▶ _Your assignment_
In the records below, begin at the line that has "#32=EDGE_CURVE('E101',#29,#31,#27,.T.);" and stop after the line that has "#55=ORIENTED_EDGE('',*,*,#54,.T.);"; quote those lines verbatim and nothing more.

▶ _Items from a dataset_
-- -- --

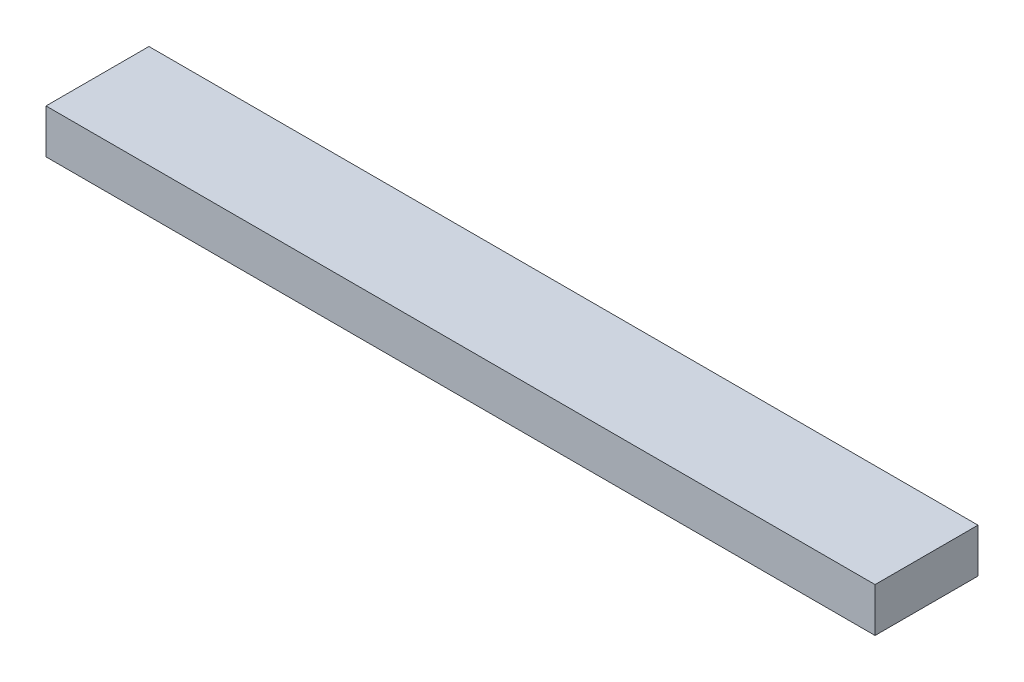
ISO-10303-21;
HEADER;
FILE_DESCRIPTION(('STEP AP214'),'2;1');
FILE_NAME('part.step','',(''),(''),'','','');
FILE_SCHEMA(('AUTOMOTIVE_DESIGN { 1 0 10303 214 1 1 1 1 }'));
ENDSEC;
DATA;
#1=APPLICATION_CONTEXT('core data for automotive mechanical design processes');
#2=APPLICATION_PROTOCOL_DEFINITION('international standard','automotive_design',2000,#1);
#3=PRODUCT_CONTEXT('',#1,'mechanical');
#4=PRODUCT('Part','Part','',(#3));
#5=PRODUCT_RELATED_PRODUCT_CATEGORY('part','',(#4));
#6=PRODUCT_DEFINITION_FORMATION('','',#4);
#7=PRODUCT_DEFINITION_CONTEXT('part definition',#1,'design');
#8=PRODUCT_DEFINITION('design','',#6,#7);
#9=PRODUCT_DEFINITION_SHAPE('','',#8);
#10=(LENGTH_UNIT() NAMED_UNIT(*) SI_UNIT(.MILLI.,.METRE.));
#11=(NAMED_UNIT(*) PLANE_ANGLE_UNIT() SI_UNIT($,.RADIAN.));
#12=(NAMED_UNIT(*) SI_UNIT($,.STERADIAN.) SOLID_ANGLE_UNIT());
#13=UNCERTAINTY_MEASURE_WITH_UNIT(LENGTH_MEASURE(1.E-05),#10,'distance_accuracy_value','');
#14=(GEOMETRIC_REPRESENTATION_CONTEXT(3) GLOBAL_UNCERTAINTY_ASSIGNED_CONTEXT((#13)) GLOBAL_UNIT_ASSIGNED_CONTEXT((#10,
#11,#12)) REPRESENTATION_CONTEXT('',''));
#15=CARTESIAN_POINT('',(0.,0.,0.));
#16=DIRECTION('',(0.,0.,1.));
#17=DIRECTION('',(1.,0.,0.));
#18=AXIS2_PLACEMENT_3D('',#15,#16,#17);
#19=CARTESIAN_POINT('',(0.,38.1,0.));
#20=DIRECTION('',(1.,0.,0.));
#21=DIRECTION('',(0.,0.,-1.));
#22=AXIS2_PLACEMENT_3D('',#19,#20,#21);
#23=PLANE('',#22);
#24=DIRECTION('',(0.,0.,1.));
#25=VECTOR('',#24,1.);
#26=CARTESIAN_POINT('',(0.,0.,0.));
#27=LINE('',#26,#25);
#28=CARTESIAN_POINT('',(0.,0.,-88.9));
#29=VERTEX_POINT('',#28);
#30=CARTESIAN_POINT('',(0.,0.,0.));
#31=VERTEX_POINT('',#30);
#32=EDGE_CURVE('E101',#29,#31,#27,.T.);
#33=ORIENTED_EDGE('',*,*,#32,.T.);
#34=DIRECTION('',(0.,-1.,0.));
#35=VECTOR('',#34,1.);
#36=CARTESIAN_POINT('',(0.,38.1,0.));
#37=LINE('',#36,#35);
#38=CARTESIAN_POINT('',(0.,38.1,0.));
#39=VERTEX_POINT('',#38);
#40=EDGE_CURVE('E11',#39,#31,#37,.T.);
#41=ORIENTED_EDGE('',*,*,#40,.F.);
#42=DIRECTION('',(0.,0.,1.));
#43=VECTOR('',#42,1.);
#44=CARTESIAN_POINT('',(0.,38.1,0.));
#45=LINE('',#44,#43);
#46=CARTESIAN_POINT('',(0.,38.1,-88.9));
#47=VERTEX_POINT('',#46);
#48=EDGE_CURVE('E89',#47,#39,#45,.T.);
#49=ORIENTED_EDGE('',*,*,#48,.F.);
#50=DIRECTION('',(0.,-1.,0.));
#51=VECTOR('',#50,1.);
#52=CARTESIAN_POINT('',(0.,38.1,-88.9));
#53=LINE('',#52,#51);
#54=EDGE_CURVE('E97',#47,#29,#53,.T.);
#55=ORIENTED_EDGE('',*,*,#54,.T.);
#56=EDGE_LOOP('',(#33,#41,#49,#55));
#57=FACE_BOUND('',#56,.T.);
#58=ADVANCED_FACE('F38',(#57),#23,.F.);
#59=CARTESIAN_POINT('',(0.,38.1,0.));
#60=DIRECTION('',(0.,0.,-1.));
#61=DIRECTION('',(-1.,0.,0.));
#62=AXIS2_PLACEMENT_3D('',#59,#60,#61);
#63=PLANE('',#62);
#64=DIRECTION('',(1.,0.,0.));
#65=VECTOR('',#64,1.);
#66=CARTESIAN_POINT('',(0.,0.,0.));
#67=LINE('',#66,#65);
#68=CARTESIAN_POINT('',(715.9625,0.,0.));
#69=VERTEX_POINT('',#68);
#70=EDGE_CURVE('E93',#31,#69,#67,.T.);
#71=ORIENTED_EDGE('',*,*,#70,.T.);
#72=DIRECTION('',(0.,-1.,0.));
#73=VECTOR('',#72,1.);
#74=CARTESIAN_POINT('',(715.9625,38.1,0.));
#75=LINE('',#74,#73);
#76=CARTESIAN_POINT('',(715.9625,38.1,0.));
#77=VERTEX_POINT('',#76);
#78=EDGE_CURVE('E46',#77,#69,#75,.T.);
#79=ORIENTED_EDGE('',*,*,#78,.F.);
#80=DIRECTION('',(1.,0.,0.));
#81=VECTOR('',#80,1.);
#82=CARTESIAN_POINT('',(0.,38.1,0.));
#83=LINE('',#82,#81);
#84=EDGE_CURVE('E84',#39,#77,#83,.T.);
#85=ORIENTED_EDGE('',*,*,#84,.F.);
#86=ORIENTED_EDGE('',*,*,#40,.T.);
#87=EDGE_LOOP('',(#71,#79,#85,#86));
#88=FACE_BOUND('',#87,.T.);
#89=ADVANCED_FACE('F92',(#88),#63,.F.);
#90=CARTESIAN_POINT('',(715.9625,38.1,0.));
#91=DIRECTION('',(-1.,0.,0.));
#92=DIRECTION('',(0.,0.,1.));
#93=AXIS2_PLACEMENT_3D('',#90,#91,#92);
#94=PLANE('',#93);
#95=DIRECTION('',(0.,0.,-1.));
#96=VECTOR('',#95,1.);
#97=CARTESIAN_POINT('',(715.9625,0.,0.));
#98=LINE('',#97,#96);
#99=CARTESIAN_POINT('',(715.9625,0.,-88.9));
#100=VERTEX_POINT('',#99);
#101=EDGE_CURVE('E71',#69,#100,#98,.T.);
#102=ORIENTED_EDGE('',*,*,#101,.T.);
#103=DIRECTION('',(0.,-1.,0.));
#104=VECTOR('',#103,1.);
#105=CARTESIAN_POINT('',(715.9625,38.1,-88.9));
#106=LINE('',#105,#104);
#107=CARTESIAN_POINT('',(715.9625,38.1,-88.9));
#108=VERTEX_POINT('',#107);
#109=EDGE_CURVE('E94',#108,#100,#106,.T.);
#110=ORIENTED_EDGE('',*,*,#109,.F.);
#111=DIRECTION('',(0.,0.,-1.));
#112=VECTOR('',#111,1.);
#113=CARTESIAN_POINT('',(715.9625,38.1,0.));
#114=LINE('',#113,#112);
#115=EDGE_CURVE('E87',#77,#108,#114,.T.);
#116=ORIENTED_EDGE('',*,*,#115,.F.);
#117=ORIENTED_EDGE('',*,*,#78,.T.);
#118=EDGE_LOOP('',(#102,#110,#116,#117));
#119=FACE_BOUND('',#118,.T.);
#120=ADVANCED_FACE('F95',(#119),#94,.F.);
#121=CARTESIAN_POINT('',(0.,38.1,-88.9));
#122=DIRECTION('',(0.,0.,1.));
#123=DIRECTION('',(1.,0.,0.));
#124=AXIS2_PLACEMENT_3D('',#121,#122,#123);
#125=PLANE('',#124);
#126=DIRECTION('',(-1.,0.,0.));
#127=VECTOR('',#126,1.);
#128=CARTESIAN_POINT('',(0.,0.,-88.9));
#129=LINE('',#128,#127);
#130=EDGE_CURVE('E77',#100,#29,#129,.T.);
#131=ORIENTED_EDGE('',*,*,#130,.T.);
#132=ORIENTED_EDGE('',*,*,#54,.F.);
#133=DIRECTION('',(-1.,0.,0.));
#134=VECTOR('',#133,1.);
#135=CARTESIAN_POINT('',(0.,38.1,-88.9));
#136=LINE('',#135,#134);
#137=EDGE_CURVE('E54',#108,#47,#136,.T.);
#138=ORIENTED_EDGE('',*,*,#137,.F.);
#139=ORIENTED_EDGE('',*,*,#109,.T.);
#140=EDGE_LOOP('',(#131,#132,#138,#139));
#141=FACE_BOUND('',#140,.T.);
#142=ADVANCED_FACE('F108',(#141),#125,.F.);
#143=CARTESIAN_POINT('',(0.,38.1,0.));
#144=DIRECTION('',(0.,-1.,0.));
#145=DIRECTION('',(0.,0.,-1.));
#146=AXIS2_PLACEMENT_3D('',#143,#144,#145);
#147=PLANE('',#146);
#148=ORIENTED_EDGE('',*,*,#48,.T.);
#149=ORIENTED_EDGE('',*,*,#84,.T.);
#150=ORIENTED_EDGE('',*,*,#115,.T.);
#151=ORIENTED_EDGE('',*,*,#137,.T.);
#152=EDGE_LOOP('',(#148,#149,#150,#151));
#153=FACE_BOUND('',#152,.T.);
#154=ADVANCED_FACE('F85',(#153),#147,.F.);
#155=CARTESIAN_POINT('',(0.,0.,0.));
#156=DIRECTION('',(0.,-1.,0.));
#157=DIRECTION('',(0.,0.,-1.));
#158=AXIS2_PLACEMENT_3D('',#155,#156,#157);
#159=PLANE('',#158);
#160=ORIENTED_EDGE('',*,*,#32,.F.);
#161=ORIENTED_EDGE('',*,*,#130,.F.);
#162=ORIENTED_EDGE('',*,*,#101,.F.);
#163=ORIENTED_EDGE('',*,*,#70,.F.);
#164=EDGE_LOOP('',(#160,#161,#162,#163));
#165=FACE_BOUND('',#164,.T.);
#166=ADVANCED_FACE('F111',(#165),#159,.T.);
#167=CLOSED_SHELL('',(#58,#89,#120,#142,#154,#166));
#168=MANIFOLD_SOLID_BREP('B2',#167);
#169=ADVANCED_BREP_SHAPE_REPRESENTATION('',(#18,#168),#14);
#170=SHAPE_DEFINITION_REPRESENTATION(#9,#169);
ENDSEC;
END-ISO-10303-21;

-- -- --

▶ _Reply to the task_
#32=EDGE_CURVE('E101',#29,#31,#27,.T.);
#33=ORIENTED_EDGE('',*,*,#32,.T.);
#34=DIRECTION('',(0.,-1.,0.));
#35=VECTOR('',#34,1.);
#36=CARTESIAN_POINT('',(0.,38.1,0.));
#37=LINE('',#36,#35);
#38=CARTESIAN_POINT('',(0.,38.1,0.));
#39=VERTEX_POINT('',#38);
#40=EDGE_CURVE('E11',#39,#31,#37,.T.);
#41=ORIENTED_EDGE('',*,*,#40,.F.);
#42=DIRECTION('',(0.,0.,1.));
#43=VECTOR('',#42,1.);
#44=CARTESIAN_POINT('',(0.,38.1,0.));
#45=LINE('',#44,#43);
#46=CARTESIAN_POINT('',(0.,38.1,-88.9));
#47=VERTEX_POINT('',#46);
#48=EDGE_CURVE('E89',#47,#39,#45,.T.);
#49=ORIENTED_EDGE('',*,*,#48,.F.);
#50=DIRECTION('',(0.,-1.,0.));
#51=VECTOR('',#50,1.);
#52=CARTESIAN_POINT('',(0.,38.1,-88.9));
#53=LINE('',#52,#51);
#54=EDGE_CURVE('E97',#47,#29,#53,.T.);
#55=ORIENTED_EDGE('',*,*,#54,.T.);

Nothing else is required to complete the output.